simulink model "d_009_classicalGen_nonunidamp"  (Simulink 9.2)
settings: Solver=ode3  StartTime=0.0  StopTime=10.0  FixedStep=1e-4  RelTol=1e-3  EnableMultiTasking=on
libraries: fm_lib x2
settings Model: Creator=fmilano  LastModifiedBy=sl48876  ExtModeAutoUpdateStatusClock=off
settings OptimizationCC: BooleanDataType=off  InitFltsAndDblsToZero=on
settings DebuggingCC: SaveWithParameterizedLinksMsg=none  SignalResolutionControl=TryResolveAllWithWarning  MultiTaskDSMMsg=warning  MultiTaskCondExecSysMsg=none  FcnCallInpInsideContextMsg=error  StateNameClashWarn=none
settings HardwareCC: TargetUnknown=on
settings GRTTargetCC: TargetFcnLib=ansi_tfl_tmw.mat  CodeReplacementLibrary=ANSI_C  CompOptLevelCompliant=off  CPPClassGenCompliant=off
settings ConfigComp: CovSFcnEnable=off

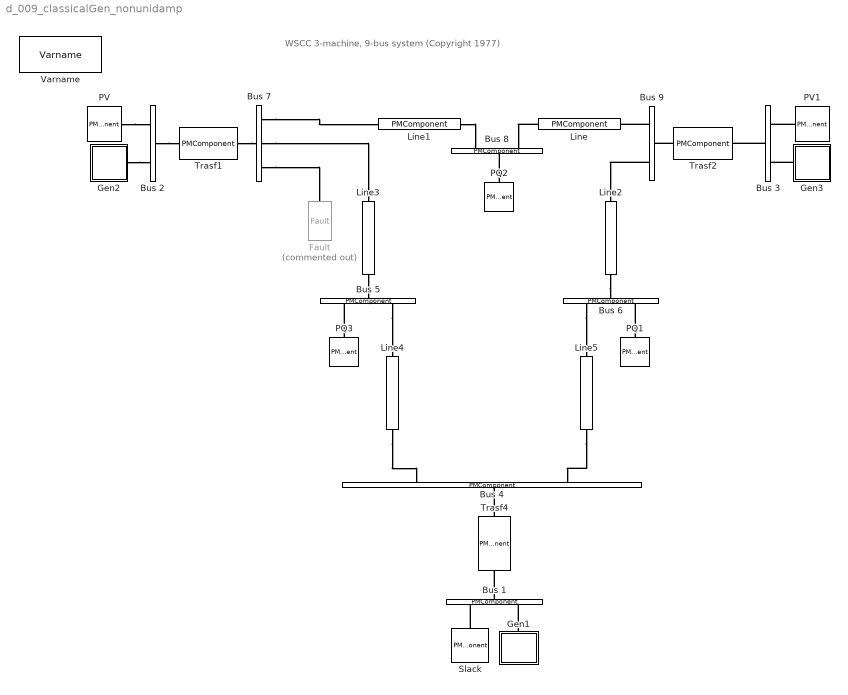
== system d_009_classicalGen_nonunidamp ==
  note: WSCC 3-machine, 9-bus system (Copyright 1977)
  Bus 1 : PMComponent  Tag=PSATblock  Description=Connection  PhysicalDomain=psatdomain  LeftPortType=p1  RightPortType=p1  LConnTagsString=__newl0|__newl1  RConnTagsString=__newr0  mask(Bus){in=2, out=1, p2q=16.5, p3_4q=[1.00   0.00], p5q=4, p6q=1}
      mask prompts: in "Number of inputs:"; out "Number of outputs:"; p2q "Voltage Rating [kV]"; p3_4q "Voltage initial guess [p.u.  rad]"; p5q "Area number"; p6q "Region number"
      mask help: Bus block.
      mask init:
      | fm_inout
      mask Callback p5q: fm_block
      mask Display: plot([0 1 1 0 0],[0 0 1 1 0])
  Bus 2 : PMComponent  Tag=PSATblock  Description=Connection  PhysicalDomain=psatdomain  LeftPortType=p1  RightPortType=p1  LConnTagsString=__newl0|__newl1  RConnTagsString=__newr0  mask(Bus){in=2, out=1, p2q=18, p3_4q=[1.00   0.00], p5q=5, p6q=1}
      mask prompts: in "Number of inputs:"; out "Number of outputs:"; p2q "Voltage Rating [kV]"; p3_4q "Voltage initial guess [p.u.  rad]"; p5q "Area number"; p6q "Region number"
      mask help: Bus block.
      mask init:
      | fm_inout
      mask Callback p5q: fm_block
      mask Display: plot([0 1 1 0 0],[0 0 1 1 0])
  Bus 3 : PMComponent  Tag=PSATblock  Description=Connection  PhysicalDomain=psatdomain  LeftPortType=p1  RightPortType=p1  LConnTagsString=__newl0|__newl1  RConnTagsString=__newr0  mask(Bus){in=2, out=1, p2q=13.8, p3_4q=[1.00   0.00], p5q=3, p6q=1}
      mask prompts: in "Number of inputs:"; out "Number of outputs:"; p2q "Voltage Rating [kV]"; p3_4q "Voltage initial guess [p.u.  rad]"; p5q "Area number"; p6q "Region number"
      mask help: Bus block.
      mask init:
      | fm_inout
      mask Callback p5q: fm_block
      mask Display: plot([0 1 1 0 0],[0 0 1 1 0])
  Bus 4 : PMComponent  Tag=PSATblock  Description=Connection  PhysicalDomain=psatdomain  LeftPortType=p1  RightPortType=p1  LConnTagsString=__newl0|__newl1  RConnTagsString=__newr0  mask(Bus){in=2, out=1, p2q=230, p3_4q=[1.00   0.00], p5q=2, p6q=1}
      mask prompts: in "Number of inputs:"; out "Number of outputs:"; p2q "Voltage Rating [kV]"; p3_4q "Voltage initial guess [p.u.  rad]"; p5q "Area number"; p6q "Region number"
      mask help: Bus block.
      mask init:
      | fm_inout
      mask Callback p5q: fm_block
      mask Display: plot([0 1 1 0 0],[0 0 1 1 0])
  Bus 5 : PMComponent  Tag=PSATblock  Description=Connection  PhysicalDomain=psatdomain  LeftPortType=p1  RightPortType=p1  LConnTagsString=__newl0  RConnTagsString=__newr0|__newr1  mask(Bus){in=1, out=2, p2q=230, p3_4q=[1.00   0.00], p5q=2, p6q=1}
      mask prompts: in "Number of inputs:"; out "Number of outputs:"; p2q "Voltage Rating [kV]"; p3_4q "Voltage initial guess [p.u.  rad]"; p5q "Area number"; p6q "Region number"
      mask help: Bus block.
      mask init:
      | fm_inout
      mask Callback p5q: fm_block
      mask Display: plot([0 1 1 0 0],[0 0 1 1 0])
  Bus 6 : PMComponent  Tag=PSATblock  Description=Connection  PhysicalDomain=psatdomain  LeftPortType=p1  RightPortType=p1  LConnTagsString=__newl0  RConnTagsString=__newr0|__newr1  mask(Bus){in=1, out=2, p2q=230, p3_4q=[1.00   0.00], p5q=2, p6q=1}
      mask prompts: in "Number of inputs:"; out "Number of outputs:"; p2q "Voltage Rating [kV]"; p3_4q "Voltage initial guess [p.u.  rad]"; p5q "Area number"; p6q "Region number"
      mask help: Bus block.
      mask init:
      | fm_inout
      mask Callback p5q: fm_block
      mask Display: plot([0 1 1 0 0],[0 0 1 1 0])
  Bus 7 : PMComponent  Tag=PSATblock  Description=Connection  PhysicalDomain=psatdomain  LeftPortType=p1  RightPortType=p1  LConnTagsString=__newl0  RConnTagsString=__newr0|__newr1|__newr2  mask(Bus){in=1, out=3, p2q=230, p3_4q=[1.00   0.00], p5q=2, p6q=1}
      mask prompts: in "Number of inputs:"; out "Number of outputs:"; p2q "Voltage Rating [kV]"; p3_4q "Voltage initial guess [p.u.  rad]"; p5q "Area number"; p6q "Region number"
      mask help: Bus block.
      mask init:
      | fm_inout
      mask Callback p5q: fm_block
      mask Display: plot([0 1 1 0 0],[0 0 1 1 0])
  Bus 8 : PMComponent  Tag=PSATblock  Description=Connection  PhysicalDomain=psatdomain  LeftPortType=p1  RightPortType=p1  LConnTagsString=__newl0|__newl1  RConnTagsString=__newr0  mask(Bus){in=2, out=1, p2q=230, p3_4q=[1.00   0.00], p5q=2, p6q=1}
      mask prompts: in "Number of inputs:"; out "Number of outputs:"; p2q "Voltage Rating [kV]"; p3_4q "Voltage initial guess [p.u.  rad]"; p5q "Area number"; p6q "Region number"
      mask help: Bus block.
      mask init:
      | fm_inout
      mask Callback p5q: fm_block
      mask Display: plot([0 1 1 0 0],[0 0 1 1 0])
  Bus 9 : PMComponent  Tag=PSATblock  Description=Connection  PhysicalDomain=psatdomain  LeftPortType=p1  RightPortType=p1  LConnTagsString=__newl0  RConnTagsString=__newr0|__newr1  mask(Bus){in=1, out=2, p2q=230, p3_4q=[1.00   0.00], p5q=2, p6q=1}
      mask prompts: in "Number of inputs:"; out "Number of outputs:"; p2q "Voltage Rating [kV]"; p3_4q "Voltage initial guess [p.u.  rad]"; p5q "Area number"; p6q "Region number"
      mask help: Bus block.
      mask init:
      | fm_inout
      mask Callback p5q: fm_block
      mask Display: plot([0 1 1 0 0],[0 0 1 1 0])
  Fault : fm_lib/Faults &  Breakers/Fault  Tag=PSATblock  Description=Faults & Breakers  Commented=on  LConnTagsString=__newl0  p2_3_4q="[100  400  60]"  p5q=1.00  p6q=1.0025  p7q=1e-5  p8q=1e-3
  Gen1 : Subsystem  Tag=PSATblock  Description=Machines  mask(Syn){p2_3_4q=[100  16.5   60], p5q=2, p7_6q=[0.00  0.00], p8_9_10q=[0.1460  0.0608  0.0000], p11_12q=[8.96  0.00], p13_14_15q=[0.0969  0.0969  0.0000], p16_17q=[0.310  0.0000], p18_19q=[2*23.64  0.1*47.28], p20_21q=[0.00  0.00], p22_23q=[1.00  1.00], p24q=0.002, p25_26q=[0 0], in=0, p27q=1, p28q=on}
      mask prompts: p2_3_4q "Power, voltage and frequency ratings [MVA, kV, Hz]"; p5q "Machine Dynamic Order"; p7_6q "resistance ra and leakage reactance xl [p.u. p.u.]"; p8_9_10q "d-axis reactances Xd, X'd X"d [p.u.,p.u.,p.u.]"; p11_12q "d-axis open circuit time constants T'd0 and T"d0 [s, s]"; p13_14_15q "q-axis reactances Xq, X'q, X"q [p.u.  p.u.  p.u.]"; p16_17q "q-axis open circuit time constants T'q0 and T"q0 [s s]"; p18_19q "Inertia (M = 2H) and Damping [s, p.u.]"; p20_21q "Speed and active power additional signals Kw and Kp [p.u., p.u.]"; p22_23q "Percentage of active and reactive powers at bus [p.u. p.u.]"; p24q "d-axis additional circuit leakage time constant Taa [s]"; p25_26q "Saturation coefficients S(1.0) and S(1.2)"; in "Number of input signals"; p27q "COI number"; p28q "Connected"
      mask help: This block defines a fourth order synchronous machine.
      mask init:
      | fm_inout
      | [x,y] = fm_draw('circle');
      | [xg,yg] = fm_draw('G');
      | [xs,ys] = fm_draw('sinus');
      mask TypeOptions p5q: 8 | 6 | 5.3 | 5.2 | 5.1 | 4 | 3 | 2
      mask Callback p5q: fm_block
      mask TypeOptions in: 0 | 1 | 2
      mask Callback p28q: fm_block
      mask Display:
      | plot(x+1.4,y,0.12*xs+1,0.15*ys-0.6)
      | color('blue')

_ _ _ _

## Assigned task:
Transcribe, word for word, the data above from its first line through the line with "settings Model: Creator=fmilano", and include nothing else.

## Response to the exercise:
simulink model "d_009_classicalGen_nonunidamp"  (Simulink 9.2)
settings: Solver=ode3  StartTime=0.0  StopTime=10.0  FixedStep=1e-4  RelTol=1e-3  EnableMultiTasking=on
libraries: fm_lib x2
settings Model: Creator=fmilano  LastModifiedBy=sl48876  ExtModeAutoUpdateStatusClock=off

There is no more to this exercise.